→ **Available records**
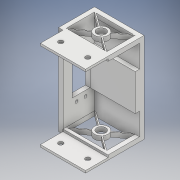
# Autodesk Inventor part: Biceps2 v2
Saved by Autodesk Inventor 2018 (Build 220112000, 112)
## iProperties
Created: 2018-04-10
Part Number: Biceps2 v2
Material: Plastique ABS
Document SubType Name: Modeling
Designer: Thomas
Density: 1.06 g/cm^3
Appearance: Lisse - Blanc
Author: Thomas
Autodesk Inventor part; units mm, degrees
ref_plane "YZ Plane" through (0, 0, 0) normal (1, 0, 0) x (0, 1, 0)
ref_plane "XZ Plane" through (0, 0, 0) normal (0, 1, 0) x (-1, 0, 0)
ref_plane "XY Plane" through (0, 0, 0) normal (0, 0, 1) x (1, 0, 0)
sketch "Esquisse1" plane through (0, 0, 0) normal (0, 0, 1) x (1, 0, 0)
  line L0 (0, 0) -> (50, 0)
  line L1 (50, 0) -> (50, -60)
  line L2 (50, -60) -> (0, -60)
  line L3 (0, -60) -> (0, 0)
  dimension "d0" = 50
  dimension "d1" = 60
  constraints: 8 end point, 2 parallel, 1 horizontal, 1 perpendicular
  measures "d0" distance of L1.end L2.end
  measures "d1" distance of L2.end L0.start
extrude "Extrusion1" add sketch "Esquisse1" along normal blind 5
sketch "Esquisse2" plane through (0, 0, 0) normal (0, 0, -1) x (-1, 0, 0)
  line L0 (0, -60) -> (-50, -60)
  line L1 (-50, -60) -> (-50, -35)
  line L2 (-50, -35) -> (0, -35)
  line L3 (0, -35) -> (0, -60)
  dimension "d4" = 25
  constraints: 8 end point, 2 parallel, 1 horizontal, 1 perpendicular
  measures "d4" distance of L0.end L1.end
extrude "Extrusion2" cut sketch "Esquisse2" against normal blind 2.5
sketch "Esquisse4" plane through (0, 0, 2.5) normal (0, 0, -1) x (-1, 0, 0)
  circle A0 centre (-10, -47.5) radius 2.6
  circle A1 centre (-40, -47.5) radius 2.6
  line L0 (-50, -60) -> (-50, -35) projected
  line L1 (0, -35) -> (0, -60) projected
  line L2 (0, -60) -> (-50, -60) projected
  point P0 (0, 0)
  dimension "d7" = 10
  dimension "d8" = 10
  dimension "d9" = 5.2
  dimension "d10" = 5.2
  dimension "d11" = 12.5
  dimension "d12" = 12.5
  constraints: 2 centre point
  measures "d7" distance from line of L0 A1.centre
  measures "d8" distance from line of L1 A0.centre
  measures "d9" diameter of A1
  measures "d10" diameter of A0
  measures "d11" distance from line of L2 A1.centre
  measures "d12" distance from line of L2 A0.centre
extrude "Extrusion3" cut sketch "Esquisse4" against normal blind 2.5
sketch "Esquisse5" plane through (0, 0, 0) normal (0, 1, 0) x (1, 0, 0)
  line L0 (0, -5) -> (50, -5)
  line L1 (50, -5) -> (50, 95)
  line L2 (50, 95) -> (0, 95)
  line L3 (0, 95) -> (0, -5)
  point P0 (0, 0)
  dimension "d15" = 50
  dimension "d16" = 100
  constraints: 8 end point, 2 parallel, 1 horizontal, 1 perpendicular
  measures "d15" distance of L0.start L0.end
  measures "d16" distance of L0.end L1.end
extrude "Extrusion4" add sketch "Esquisse5" along normal blind 5
sketch "Esquisse6" plane through (0, 0, 0) normal (0, -1, 0) x (1, 0, 0)
  line L0 (50, -95) -> (0, -95)
  line L1 (0, -95) -> (0, -90)
  line L2 (0, -90) -> (50, -90)
  line L3 (50, -90) -> (50, -95)
  dimension "d19" = 5
  constraints: 8 end point, 2 parallel, 1 horizontal, 1 perpendicular
  measures "d19" distance of L0.end L1.end
extrude "Extrusion5" add sketch "Esquisse6" along normal blind 60
sketch "Esquisse7" plane through (0, 0, -90) normal (0, 0, 1) x (1, 0, 0)
  line L0 (50, -60) -> (0, -60)
  line L1 (0, -60) -> (0, -35)
  line L2 (0, -35) -> (50, -35)
  line L3 (50, -35) -> (50, -60)
  point P0 (0, 0)
  dimension "d22" = 25
  constraints: 8 end point, 2 parallel, 1 horizontal, 1 perpendicular
  measures "d22" distance of L0.end L1.end
extrude "Extrusion6" cut sketch "Esquisse7" against normal blind 2.5
sketch "Esquisse8" plane through (0, 0, -92.5) normal (0, 0, 1) x (1, 0, 0)
  circle A0 centre (40, -47.5) radius 2.6
  circle A1 centre (10, -47.5) radius 2.6
  line L0 (50, -60) -> (0, -60) projected
  line L1 (0, -60) -> (0, -35) projected
  line L2 (50, -35) -> (50, -60) projected
  point P0 (0, 0)
  dimension "d25" = 5.2
  dimension "d26" = 5.2
  dimension "d27" = 12.5
  dimension "d28" = 12.5
  dimension "d29" = 10
  dimension "d30" = 10
  constraints: 2 centre point
  measures "d25" diameter of A1
  measures "d26" diameter of A0
  measures "d27" distance from line of L0 A1.centre
  measures "d28" distance from line of L0 A0.centre
  measures "d29" distance from line of L1 A1.centre
  measures "d30" distance from line of L2 A0.centre
extrude "Extrusion7" cut sketch "Esquisse8" against normal blind 2.5
sketch "Esquisse9" plane through (0, -60, 2.5) normal (-1, 0, 0) x (0, 0, 1)
  line L0 (2.5, 0) -> (2.5, 65) projected
  line L1 (2.5, 65) -> (-97.5, 65) projected
  line L2 (2.5, 25.0215) -> (-97.5, 25.0215)
  line L3 (-97.5, 25.0215) -> (-97.5, 65)
  line L4 (-97.5, 65) -> (2.5, 65)
  line L5 (2.5, 65) -> (2.5, 25.0215)
  point P0 (-2.5, 60)
  constraints: 8 end point, 2 parallel, 1 horizontal, 1 perpendicular, 1 point on line
extrude "Extrusion8" add sketch "Esquisse9" along normal blind 5
sketch "Esquisse10" plane through (-5, -60, 2.5) normal (-1, 0, 0) x (0, 0, 1)
  line L0 (-27.25, 35.0215) -> (-67.75, 35.0215)
  line L1 (-67.75, 35.0215) -> (-67.75, 55.0215)
  line L2 (-67.75, 55.0215) -> (-27.25, 55.0215)
  line L3 (-27.25, 55.0215) -> (-27.25, 35.0215)
  circle A0 centre (-21.45, 40.0215) radius 1.6
  circle A1 centre (-21.45, 50.0215) radius 1.6
  circle A2 centre (-73.55, 40.0215) radius 1.6
  circle A3 centre (-73.55, 50.0215) radius 1.6
  line L4 (2.5, 25.0215) -> (2.5, 65) projected
  line L5 (-97.5, 25.0215) -> (2.5, 25.0215) projected
  dimension "d35" = 20
  dimension "d36" = 40.5
  dimension "d37" = 3.2
  dimension "d38" = 3.2
  dimension "d39" = 3.2
  dimension "d40" = 3.2
  dimension "d41" = 10
  dimension "d42" = 5
  dimension "d43" = 5.8
  dimension "d44" = 5.8
  dimension "d45" = 5
  dimension "d46" = 5
  dimension "d47" = 5.8
  dimension "d48" = 5.8
  dimension "d49" = 29.75
  dimension "d50" = 10
  constraints: 8 end point, 4 centre point, 2 parallel, 1 horizontal, 1 perpendicular
  measures "d35" distance of L2.end L0.start
  measures "d36" distance of L1.end L2.end
  measures "d37" diameter of A3
  measures "d38" diameter of A2
  measures "d39" diameter of A0
  measures "d40" diameter of A1
  measures "d41" distance of A0.centre A1.centre
  measures "d42" distance from line of L2 A1.centre
  measures "d43" distance from line of L3 A0.centre
  measures "d44" distance from line of L3 A1.centre
  measures "d45" distance from line of L2 A3.centre
  measures "d46" distance from line of L0 A2.centre
  measures "d47" distance from line of L1 A3.centre
  measures "d48" distance from line of L1 A2.centre
  measures "d49" distance between parallel lines of L3 L4
  measures "d50" distance between parallel lines of L5 L0
extrude "Extrusion9" cut sketch "Esquisse10" against normal blind 5
sketch "Esquisse12" plane through (0, -60, 2.5) normal (1, 0, 0) x (0, 0, -1)
  line L0 (67.8734, 60) -> (27.3734, 60)
  line L1 (27.3734, 60) -> (27.3734, 55.2)
  line L2 (27.3734, 55.2) -> (67.8734, 55.2)
  line L3 (67.8734, 55.2) -> (67.8734, 60)
  point P0 (2.5, 60)
  dimension "d56" = 4.8
  dimension "d57" = 40.5
  constraints: 8 end point, 2 parallel, 1 horizontal, 1 perpendicular
  measures "d56" distance of L0.end L1.end
  measures "d57" distance of L1.end L2.end
extrude "Extrusion11" add sketch "Esquisse12" along normal blind 50
sketch "Esquisse13" plane through (50, -60, -95) normal (0, 0, -1) x (-1, 0, 0)
  line L0 (55, 65) -> (55, 25.0215) construction
  line L1 (0, 65) -> (55, 65) construction
  line L2 (55, 25.0215) -> (0, 65) construction
  line L3 (0, 60) -> (0, 25) construction
  line L4 (55, 65) -> (0, 25) construction
  circle A0 centre (27.5, 45) radius 5
  circle A1 centre (27.5, 45) radius 7.5
  line L5 (50.0269, 28.6364) -> (50, 60)
  line L6 (50, 60) -> (5, 60)
  line L7 (5, 60) -> (5, 28.6364)
  line L8 (50.0269, 28.6364) -> (5, 28.6364)
  line L9 (50.0269, 28.6364) -> (33.5718, 40.5973)
  line L10 (32.8572, 39.7511) -> (48.1482, 28.6364)
  line L11 (5, 28.6364) -> (21.4385, 40.5832)
  line L12 (22.1491, 39.7448) -> (6.875, 28.6364)
  line L13 (5, 60) -> (20.8518, 48.4714)
  line L14 (6.8787, 60) -> (21.4385, 49.4168)
  line L15 (0, 60) -> (50, 60) projected
  line L16 (50, 60) -> (34.1482, 48.4714)
  line L17 (50, 60) -> (48.125, 60)
  line L18 (48.125, 60) -> (33.5655, 49.4113)
  dimension "d61" = 15
  dimension "d60" = 10
  dimension "d62" = 5
  constraints: 30 end point, 11 point on line, 2 perpendicular, 1 centre point, 1 coincident, 1 midpoint, 10 other
  measures "d60" diameter of A0
  measures "d62" distance between parallel lines of L3 L7
extrude "Extrusion12" cut sketch "Esquisse13" against normal blind 5 contours A0 | A1 L16 L5 L9 | A1 L14 L6 L18 | L10 L8 L12 A1 | A1 L11 L7 L13
sketch "Esquisse15" plane through (0, 0, 5) normal (0, 0, 1) x (1, 0, 0)
  line L0 (49.9941, 5.0518) -> (50.0216, -34.9407) construction
  line L1 (-5.0098, 4.9946) -> (49.9941, 5.0518) construction
  line L2 (50.0216, -34.9407) -> (-5.0098, 4.9946) construction
  line L3 (-5, 1.3813) -> (-5, -34.9439) construction
  line L4 (49.9941, 5.0518) -> (-5, -34.9439) construction
  circle A0 centre (22.4971, -14.9461) radius 5
  circle A1 centre (22.4971, -14.9461) radius 7.5
  line L5 (45.0151, -31.3076) -> (44.995, 0)
  line L6 (44.995, 0) -> (0, 0)
  line L7 (0, 0) -> (0, -31.3076)
  line L8 (45.0151, -31.3076) -> (0, -31.3076)
  line L9 (45.0151, -31.3076) -> (28.5574, -19.3645)
  line L10 (27.8517, -20.1975) -> (43.1363, -31.3076)
  line L11 (0, -31.3076) -> (16.4355, -19.3628)
  line L12 (17.1458, -20.2009) -> (1.8741, -31.3076)
  line L13 (0, 0) -> (15.8473, -11.4775)
  line L14 (1.8729, 0) -> (16.4172, -10.5546)
  line L15 (44.995, 0) -> (29.1456, -11.4751)
  line L16 (0, -34.9785) -> (0, 0) projected
  line L17 (43.0479, 0) -> (28.5626, -10.5348)
  line L18 (44.995, 0) -> (43.0479, 0)
  line L19 (0, 0) -> (50, 0) projected
  dimension "d73" = 15
  dimension "d72" = 10
  dimension "d74" = 5
  dimension "d77" = 0
  constraints: 34 end point, 9 point on line, 1 centre point, 1 coincident, 1 midpoint, 1 parallel, 1 perpendicular, 1 vertical, 15 other
  measures "d72" diameter of A0
  measures "d74" distance between parallel lines of L3 L7
  measures "d77" distance between parallel lines of L16 L7
extrude "Extrusion13" cut sketch "Esquisse15" against normal blind 10 contours A0 | A1 L15 L5 L9 | A1 L14 L6 L17 | L10 L8 L12 A1 | A1 L11 L7 L13

→ **The problem**
Nothing but the lines from the start of the records above through the line with "Appearance: Lisse - Blanc" should be retyped, each exactly as written; leave out all pictures.

→ **Solution to this exercise**
# Autodesk Inventor part: Biceps2 v2
Saved by Autodesk Inventor 2018 (Build 220112000, 112)
## iProperties
Created: 2018-04-10
Part Number: Biceps2 v2
Material: Plastique ABS
Document SubType Name: Modeling
Designer: Thomas
Density: 1.06 g/cm^3
Appearance: Lisse - Blanc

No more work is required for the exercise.